Background: Isotretinoin (13-cis-retinoic acid; 13-cRA), a differentiation inducer, improves outcome for high-risk neuroblastoma. Published PK studies suggested that many patients achieve 13-cRA levels lower than 5 mM (effective against neuroblastoma in vitro). We showed that 4-oxo-13-cRA, a metabolite of 13-cRA was equally active compared to 13-cRA against neuroblastoma in vitro. We sought to determine the levels of 13-cRA and 4-oxo-13-cRA achieved in patients and their association with clinical outcome.
Methods: Plasma samples (4 hours post-dose, day 14) from COG phase III clinical trials (A-3973, ANBL0532, ANBL0032, and ANBL0931) were obtained for PK analyses. The relationship of PK to clinical outcome was analyzed, limited to patients treated with ch14.18 antibody.
Results: In 629 patients, 370 (60%) achieved median plasma concentrations over 5 mM for 13-cRA+4-oxo-13-cRA combined levels. Plasma levels were higher in patients taking whole capsules relative to open-capsule takers (13-cRA: 1.74 vs 1.03, 4-oxo-13-cRA: 7.22 vs 3.27mM). Both 13-cRA (r=0.29) and 4-oxo-13-cRA (r=0.46) concentrations positively correlated with age (p<0.001). Relationship of PK to overall survival (OS) was analyzed for 524 patients that received both 13-cRA and immunotherapy. In patients ≥18 months old OS at 5 yrs was higher (73 %) for 13-cis-RA plasma levels > 75th percentile (2.5µM) vs. pts with 13-cRA < 25th percentile (0.6µM, 63%) (p=0.039). OS at 5 yrs was also higher for patients ≥18 months-old with 4-oxo-13cRA >5µM vs. <1µM: 76 vs. 66% (p=0.032) and 13-cis-RA + 4-oxo-13-cis-RA >5µM vs. <1µM: 73 vs. 61% (p=0.019).

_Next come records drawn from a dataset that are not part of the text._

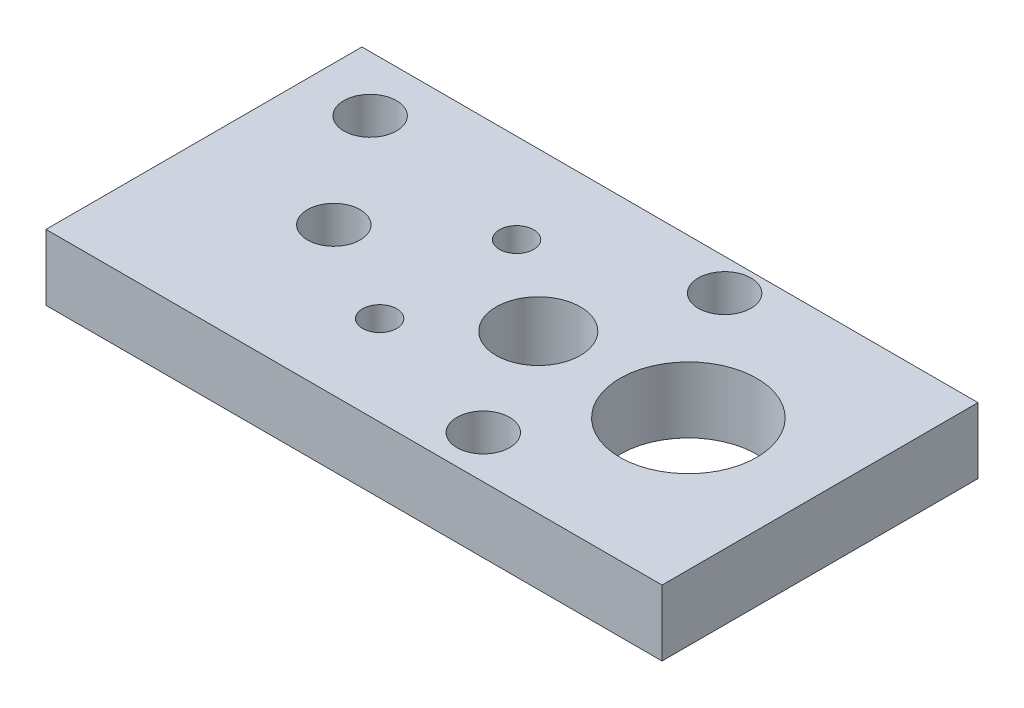
SolidWorks part; units mm, degrees
ref_plane "前视基准面" through (0, 0, 0) normal (0, 0, 1) x (1, 0, 0)
ref_plane "上视基准面" through (0, 0, 0) normal (0, 1, 0) x (1, 0, 0)
ref_plane "右视基准面" through (0, 0, 0) normal (1, 0, 0) x (0, 0, -1)
other "Configuration Table"
sketch "草图1" plane through (0, 0, 0) normal (0, 1, 0) x (1, 0, 0)
  line L0 (5.0509, -6) -> (27.896, -6) construction
  line L1 (0, 0) -> (23.3957, 0)
  line L2 (0, 0) -> (0, -12)
  line L3 (0, -12) -> (23.3957, -12)
  line L4 (23.3957, 0) -> (23.3957, -12)
  line L5 (9.2708, -3.4) -> (9.2708, -8.6) construction
  circle A2 centre (9.2708, -3.4) radius 0.65
  circle A3 centre (12.6957, -6) radius 1.6
  circle A4 centre (9.2708, -8.6) radius 0.65
  circle A5 centre (18.3957, -6) radius 2.6
  point P5 (5, -6)
  point P16 (9.2708, -6)
  point P17 (13.1579, -10)
  dimension "D4" = 1.3
  dimension "D6" = 3.2
  dimension "D8" = 5.7
  dimension "D11" = 5.2
  dimension "D1" = 6
  dimension "D2" = 5
  dimension "D3" = 5
  dimension "D5" = 5.2
  dimension "D7" = 5
  dimension "D9" = 4.3
  dimension "D12" = 12
extrude "凸台-拉伸1" add sketch "草图1" along normal blind 2.5 contours L4 L3 L2 L1 | A2 | A3 | A4 | A5
sketch "草图3" plane through (0, 2.5, 0) normal (0, 1, 0) x (1, 0, 0)
  circle A0 centre (2.4192, -2.1089) radius 1
  circle A1 centre (5.3147, -6.3844) radius 1
  circle A2 centre (14.9835, -1.2099) radius 1
  circle A3 centre (14.9835, -10.3761) radius 1
  circle A4 centre (5.3147, -6.3844) radius 0.7
  circle A5 centre (2.4192, -2.1089) radius 0.7
  circle A6 centre (14.9835, -1.2099) radius 0.7
  circle A7 centre (14.9835, -10.3761) radius 0.7
  point P12 (0, 0)
  point P13 (0, 0)
  point P14 (0, 0)
  point P15 (0, 0)
  point P16 (0, 0)
  point P17 (0, 0)
  dimension "D1" = 1.4
  dimension "D2" = 2
extrude "切除-拉伸1" cut sketch "草图3" against normal through all contours A5 | A4 | A6 | A7
extrude "切除-拉伸2" cut sketch "草图3<3>" against normal blind 1.5 contours A0 | A1 | A3 | A2
sketch "草图3<3>" plane through (0, 2.5, 0) normal (0, 1, 0) x (1, 0, 0) same geometry as "草图3"
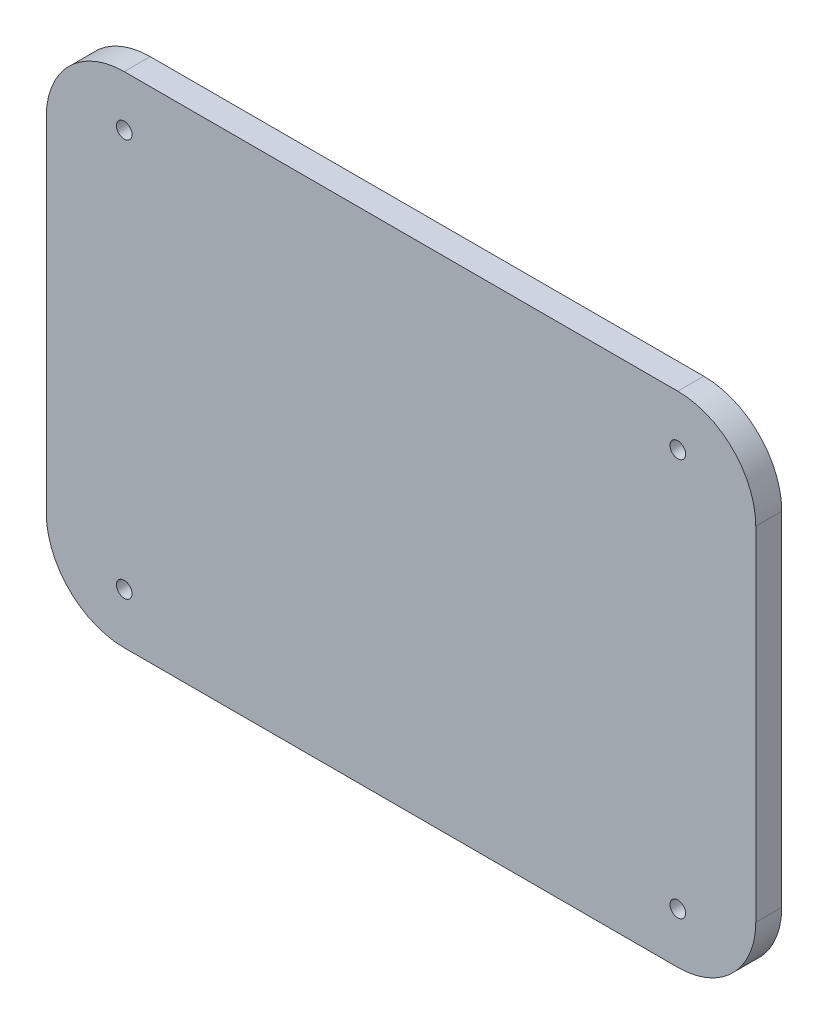
SolidWorks part; units mm, degrees
material "Acrylic (Medium-high impact)"
ref_plane "Front Plane" through (0, 0, 0) normal (0, 0, 1) x (1, 0, 0)
ref_plane "Top Plane" through (0, 0, 0) normal (0, 1, 0) x (1, 0, 0)
ref_plane "Right Plane" through (0, 0, 0) normal (1, 0, 0) x (0, 0, -1)
sketch "Model" plane through (0, 0, 0) normal (0, 0, 1) x (1, 0, 0)
  line L0 (836.1886, 1132.0702) -> (835.7887, 1132.0702)
  line L1 (836.1886, 1132.0702) -> (835.7887, 1132.0702)
  line L2 (836.5018, 1132.0643) -> (836.1886, 1132.0702)
  line L3 (836.5018, 1132.0643) -> (836.1886, 1132.0702)
  line L4 (836.7677, 1132.0446) -> (836.5018, 1132.0643)
  line L5 (836.7677, 1132.0446) -> (836.5018, 1132.0643)
  line L6 (836.9883, 1132.0111) -> (836.7677, 1132.0446)
  line L7 (836.9883, 1132.0111) -> (836.7677, 1132.0446)
  line L8 (837.1636, 1131.9638) -> (836.9883, 1132.0111)
  line L9 (837.1636, 1131.9638) -> (836.9883, 1132.0111)
  line L10 (837.3133, 1131.9008) -> (837.1636, 1131.9638)
  line L11 (837.3133, 1131.9008) -> (837.1636, 1131.9638)
  line L12 (837.4611, 1131.8141) -> (837.3133, 1131.9008)
  line L13 (837.4611, 1131.8141) -> (837.3133, 1131.9008)
  line L14 (837.6029, 1131.7077) -> (837.4611, 1131.8141)
  line L15 (837.6029, 1131.7077) -> (837.4611, 1131.8141)
  line L16 (837.7408, 1131.5777) -> (837.6029, 1131.7077)
  line L17 (837.7408, 1131.5777) -> (837.6029, 1131.7077)
  line L18 (837.8156, 1131.495) -> (837.7408, 1131.5777)
  line L19 (837.8156, 1131.495) -> (837.7408, 1131.5777)
  line L20 (837.9082, 1131.3847) -> (837.8156, 1131.495)
  line L21 (837.9082, 1131.3847) -> (837.8156, 1131.495)
  line L22 (838.0146, 1131.2468) -> (837.9082, 1131.3847)
  line L23 (838.0146, 1131.2468) -> (837.9082, 1131.3847)
  line L24 (838.1367, 1131.0833) -> (838.0146, 1131.2468)
  line L25 (838.1367, 1131.0833) -> (838.0146, 1131.2468)
  line L26 (838.2746, 1130.8903) -> (838.1367, 1131.0833)
  line L27 (838.2746, 1130.8903) -> (838.1367, 1131.0833)
  line L28 (838.4262, 1130.6716) -> (838.2746, 1130.8903)
  line L29 (838.4262, 1130.6716) -> (838.2746, 1130.8903)
  line L30 (838.5956, 1130.4254) -> (838.4262, 1130.6716)
  line L31 (838.5956, 1130.4254) -> (838.4262, 1130.6716)
  line L32 (838.7788, 1130.1516) -> (838.5956, 1130.4254)
  line L33 (838.7788, 1130.1516) -> (838.5956, 1130.4254)
  line L34 (840.1971, 1128.0361) -> (838.7788, 1130.1516)
  line L35 (840.1971, 1128.0361) -> (838.7788, 1130.1516)
  line L36 (842.5963, 1128.0361) -> (840.1971, 1128.0361)
  line L37 (842.5963, 1128.0361) -> (840.1971, 1128.0361)
  line L38 (841.4104, 1129.9369) -> (842.5963, 1128.0361)
  line L39 (841.4104, 1129.9369) -> (842.5963, 1128.0361)
  line L40 (841.2371, 1130.2127) -> (841.4104, 1129.9369)
  line L41 (841.2371, 1130.2127) -> (841.4104, 1129.9369)
  line L42 (841.0716, 1130.4648) -> (841.2371, 1130.2127)
  line L43 (841.0716, 1130.4648) -> (841.2371, 1130.2127)
  line L44 (840.916, 1130.6953) -> (841.0716, 1130.4648)
  line L45 (840.916, 1130.6953) -> (841.0716, 1130.4648)
  line L46 (840.7703, 1130.9041) -> (840.916, 1130.6953)
  line L47 (840.7703, 1130.9041) -> (840.916, 1130.6953)
  line L48 (840.6324, 1131.0892) -> (840.7703, 1130.9041)
  line L49 (840.6324, 1131.0892) -> (840.7703, 1130.9041)
  line L50 (840.5044, 1131.2527) -> (840.6324, 1131.0892)
  line L51 (840.5044, 1131.2527) -> (840.6324, 1131.0892)
  line L52 (840.3862, 1131.3945) -> (840.5044, 1131.2527)
  line L53 (840.3862, 1131.3945) -> (840.5044, 1131.2527)
  line L54 (840.2759, 1131.5147) -> (840.3862, 1131.3945)
  line L55 (840.2759, 1131.5147) -> (840.3862, 1131.3945)
  line L56 (840.0513, 1131.7274) -> (840.2759, 1131.5147)
  line L57 (840.0513, 1131.7274) -> (840.2759, 1131.5147)
  line L58 (839.8011, 1131.9323) -> (840.0513, 1131.7274)
  line L59 (839.8011, 1131.9323) -> (840.0513, 1131.7274)
  line L60 (839.5214, 1132.1273) -> (839.8011, 1131.9323)
  line L61 (839.5214, 1132.1273) -> (839.8011, 1131.9323)
  line L62 (839.2142, 1132.3144) -> (839.5214, 1132.1273)
  line L63 (839.2142, 1132.3144) -> (839.5214, 1132.1273)
  line L64 (839.5195, 1132.3676) -> (839.2142, 1132.3144)
  line L65 (839.5195, 1132.3676) -> (839.2142, 1132.3144)
  line L66 (839.8071, 1132.4365) -> (839.5195, 1132.3676)
  line L67 (839.8071, 1132.4365) -> (839.5195, 1132.3676)
  line L68 (840.0769, 1132.5212) -> (839.8071, 1132.4365)
  line L69 (840.0769, 1132.5212) -> (839.8071, 1132.4365)
  line L70 (840.329, 1132.6237) -> (840.0769, 1132.5212)
  line L71 (840.329, 1132.6237) -> (840.0769, 1132.5212)
  line L72 (840.5634, 1132.7399) -> (840.329, 1132.6237)
  line L73 (840.5634, 1132.7399) -> (840.329, 1132.6237)
  line L74 (840.7782, 1132.8738) -> (840.5634, 1132.7399)
  line L75 (840.7782, 1132.8738) -> (840.5634, 1132.7399)
  line L76 (840.9771, 1133.0235) -> (840.7782, 1132.8738)
  line L77 (840.9771, 1133.0235) -> (840.7782, 1132.8738)
  line L78 (841.1563, 1133.189) -> (840.9771, 1133.0235)
  line L79 (841.1563, 1133.189) -> (840.9771, 1133.0235)
  line L80 (841.3159, 1133.3702) -> (841.1563, 1133.189)
  line L81 (841.3159, 1133.3702) -> (841.1563, 1133.189)
  line L82 (841.4558, 1133.5652) -> (841.3159, 1133.3702)
  line L83 (841.4558, 1133.5652) -> (841.3159, 1133.3702)
  line L84 (841.572, 1133.774) -> (841.4558, 1133.5652)
  line L85 (841.572, 1133.774) -> (841.4558, 1133.5652)
  line L86 (841.6685, 1133.9966) -> (841.572, 1133.774)
  line L87 (841.6685, 1133.9966) -> (841.572, 1133.774)
  line L88 (841.7433, 1134.233) -> (841.6685, 1133.9966)
  line L89 (841.7433, 1134.233) -> (841.6685, 1133.9966)
  line L90 (841.7965, 1134.4831) -> (841.7433, 1134.233)
  line L91 (841.7965, 1134.4831) -> (841.7433, 1134.233)
  line L92 (841.83, 1134.7471) -> (841.7965, 1134.4831)
  line L93 (841.83, 1134.7471) -> (841.7965, 1134.4831)
  line L94 (841.8399, 1135.0248) -> (841.83, 1134.7471)
  line L95 (841.8399, 1135.0248) -> (841.83, 1134.7471)
  line L96 (841.832, 1135.2454) -> (841.8399, 1135.0248)
  line L97 (841.832, 1135.2454) -> (841.8399, 1135.0248)
  line L98 (841.8123, 1135.4601) -> (841.832, 1135.2454)
  line L99 (841.8123, 1135.4601) -> (841.832, 1135.2454)
  line L100 (841.7768, 1135.665) -> (841.8123, 1135.4601)
  line L101 (841.7768, 1135.665) -> (841.8123, 1135.4601)
  line L102 (841.7296, 1135.8639) -> (841.7768, 1135.665)
  line L103 (841.7296, 1135.8639) -> (841.7768, 1135.665)
  line L104 (841.6665, 1136.053) -> (841.7296, 1135.8639)
  line L105 (841.6665, 1136.053) -> (841.7296, 1135.8639)
  line L106 (841.5897, 1136.2343) -> (841.6665, 1136.053)
  line L107 (841.5897, 1136.2343) -> (841.6665, 1136.053)
  line L108 (841.5011, 1136.4076) -> (841.5897, 1136.2343)
  line L109 (841.5011, 1136.4076) -> (841.5897, 1136.2343)
  line L110 (841.3967, 1136.5731) -> (841.5011, 1136.4076)
  line L111 (841.3967, 1136.5731) -> (841.5011, 1136.4076)
  line L112 (841.1603, 1136.8725) -> (841.3967, 1136.5731)
  line L113 (841.1603, 1136.8725) -> (841.3967, 1136.5731)
  line L114 (840.8924, 1137.1226) -> (841.1603, 1136.8725)
  line L115 (840.8924, 1137.1226) -> (841.1603, 1136.8725)
  line L116 (840.593, 1137.3255) -> (840.8924, 1137.1226)
  line L117 (840.593, 1137.3255) -> (840.8924, 1137.1226)
  line L118 (840.264, 1137.4811) -> (840.593, 1137.3255)
  line L119 (840.264, 1137.4811) -> (840.593, 1137.3255)
  line L120 (840.0769, 1137.5422) -> (840.264, 1137.4811)
  line L121 (840.0769, 1137.5422) -> (840.264, 1137.4811)
  line L122 (839.8622, 1137.5954) -> (840.0769, 1137.5422)
  line L123 (839.8622, 1137.5954) -> (840.0769, 1137.5422)
  line L124 (839.618, 1137.6407) -> (839.8622, 1137.5954)
  line L125 (839.618, 1137.6407) -> (839.8622, 1137.5954)
  line L126 (839.3442, 1137.6781) -> (839.618, 1137.6407)
  line L127 (839.3442, 1137.6781) -> (839.618, 1137.6407)
  line L128 (839.0428, 1137.7057) -> (839.3442, 1137.6781)
  line L129 (839.0428, 1137.7057) -> (839.3442, 1137.6781)
  line L130 (838.7119, 1137.7274) -> (839.0428, 1137.7057)
  line L131 (838.7119, 1137.7274) -> (839.0428, 1137.7057)
  line L132 (838.3534, 1137.7392) -> (838.7119, 1137.7274)
  line L133 (838.3534, 1137.7392) -> (838.7119, 1137.7274)
  line L134 (837.9653, 1137.7431) -> (838.3534, 1137.7392)
  line L135 (837.9653, 1137.7431) -> (838.3534, 1137.7392)
  line L136 (833.7717, 1137.7431) -> (837.9653, 1137.7431)
  line L137 (833.7717, 1137.7431) -> (837.9653, 1137.7431)
  line L138 (833.7717, 1128.0361) -> (833.7717, 1137.7431)
  line L139 (833.7717, 1128.0361) -> (833.7717, 1137.7431)
  line L140 (835.7887, 1128.0361) -> (833.7717, 1128.0361)
  line L141 (835.7887, 1128.0361) -> (833.7717, 1128.0361)
  line L142 (835.7887, 1132.0702) -> (835.7887, 1128.0361)
  line L143 (835.7887, 1132.0702) -> (835.7887, 1128.0361)
  line L144 (851.3546, 1130.1792) -> (847.4801, 1130.1792)
  line L145 (851.3546, 1130.1792) -> (847.4801, 1130.1792)
  line L146 (852.1406, 1128.0361) -> (851.3546, 1130.1792)
  line L147 (852.1406, 1128.0361) -> (851.3546, 1130.1792)
  line L148 (854.396, 1128.0361) -> (852.1406, 1128.0361)
  line L149 (854.396, 1128.0361) -> (852.1406, 1128.0361)
  line L150 (850.6948, 1137.7431) -> (854.396, 1128.0361)
  line L151 (850.6948, 1137.7431) -> (854.396, 1128.0361)
  line L152 (848.138, 1137.7431) -> (850.6948, 1137.7431)
  line L153 (848.138, 1137.7431) -> (850.6948, 1137.7431)
  line L154 (844.4368, 1128.0361) -> (848.138, 1137.7431)
  line L155 (844.4368, 1128.0361) -> (848.138, 1137.7431)
  line L156 (846.6922, 1128.0361) -> (844.4368, 1128.0361)
  line L157 (846.6922, 1128.0361) -> (844.4368, 1128.0361)
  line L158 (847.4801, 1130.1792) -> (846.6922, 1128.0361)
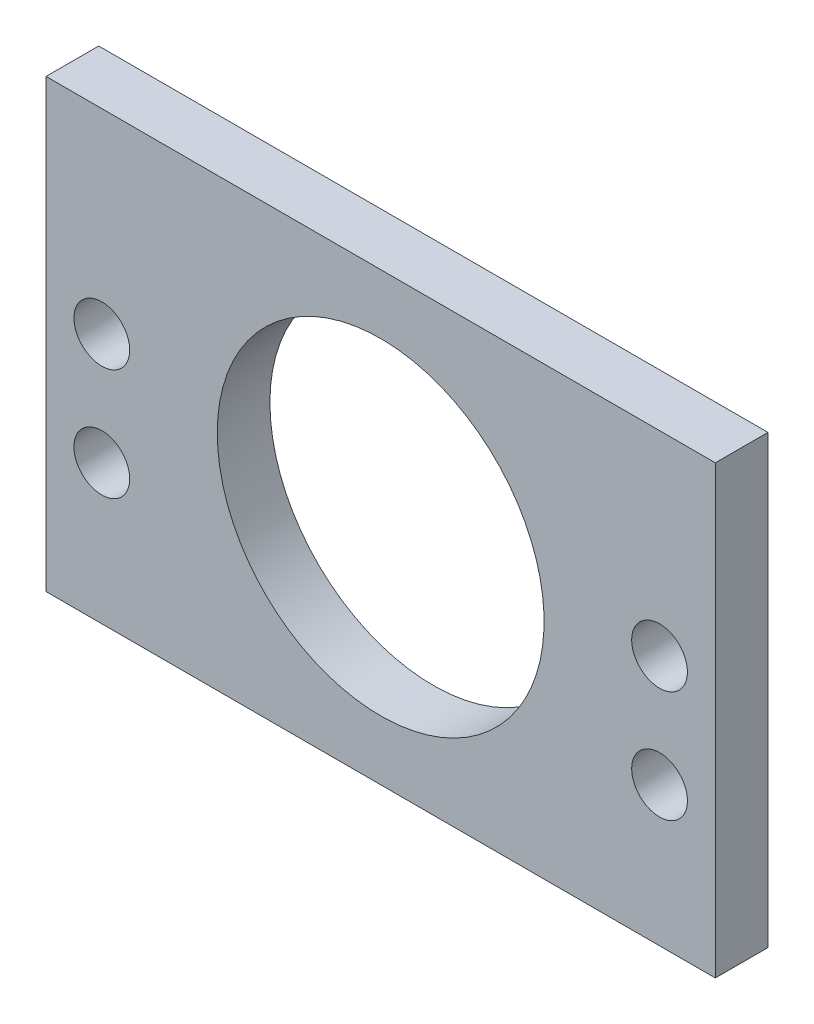
SolidWorks part; units mm, degrees
ref_plane "Front Plane" through (0, 0, 0) normal (0, 0, 1) x (1, 0, 0)
ref_plane "Top Plane" through (0, 0, 0) normal (0, 1, 0) x (1, 0, 0)
ref_plane "Right Plane" through (0, 0, 0) normal (1, 0, 0) x (0, 0, -1)
sketch "Sketch1" plane through (0, 0, 0) normal (0, 0, 1) x (1, 0, 0)
  line L0 (38.1, 50.8) -> (38.1, 25.4) construction
  line L1 (0, 0) -> (76.2, 0)
  line L2 (0, 0) -> (0, 50.8)
  line L3 (0, 50.8) -> (76.2, 50.8)
  line L4 (76.2, 0) -> (76.2, 50.8)
  circle A0 centre (38.1, 25.4) radius 18.6055
  circle A1 centre (6.35, 28.575) radius 3.175
  circle A2 centre (6.35, 15.875) radius 3.175
  circle A3 centre (69.85, 28.575) radius 3.175
  circle A4 centre (69.85, 15.875) radius 3.175
  point P18 (7.2219, 20.5768)
  dimension "D3" = 37.211
  dimension "D5" = 15.875
  dimension "D7" = 6.35
  dimension "D8" = 6.35
  dimension "D9" = 6.35
  dimension "D1" = 76.2
  dimension "D2" = 50.8
  dimension "D4" = 25.4
  dimension "D6" = 12.7
extrude "Boss-Extrude1" add sketch "Sketch1" along normal blind 5.9944

Conclusion: Combined levels of 13-cRA and the 4-oxo-13-cRA active metabolite were >5 mM in the majority of patients. Age and route of administration influence plasma levels of 13-cRA and 4-oxo-13-cRA. In patients ≥18 months old low plasma levels of 13-cis-RA + 4-oxo-13-cRA were associated with a lower overall survival.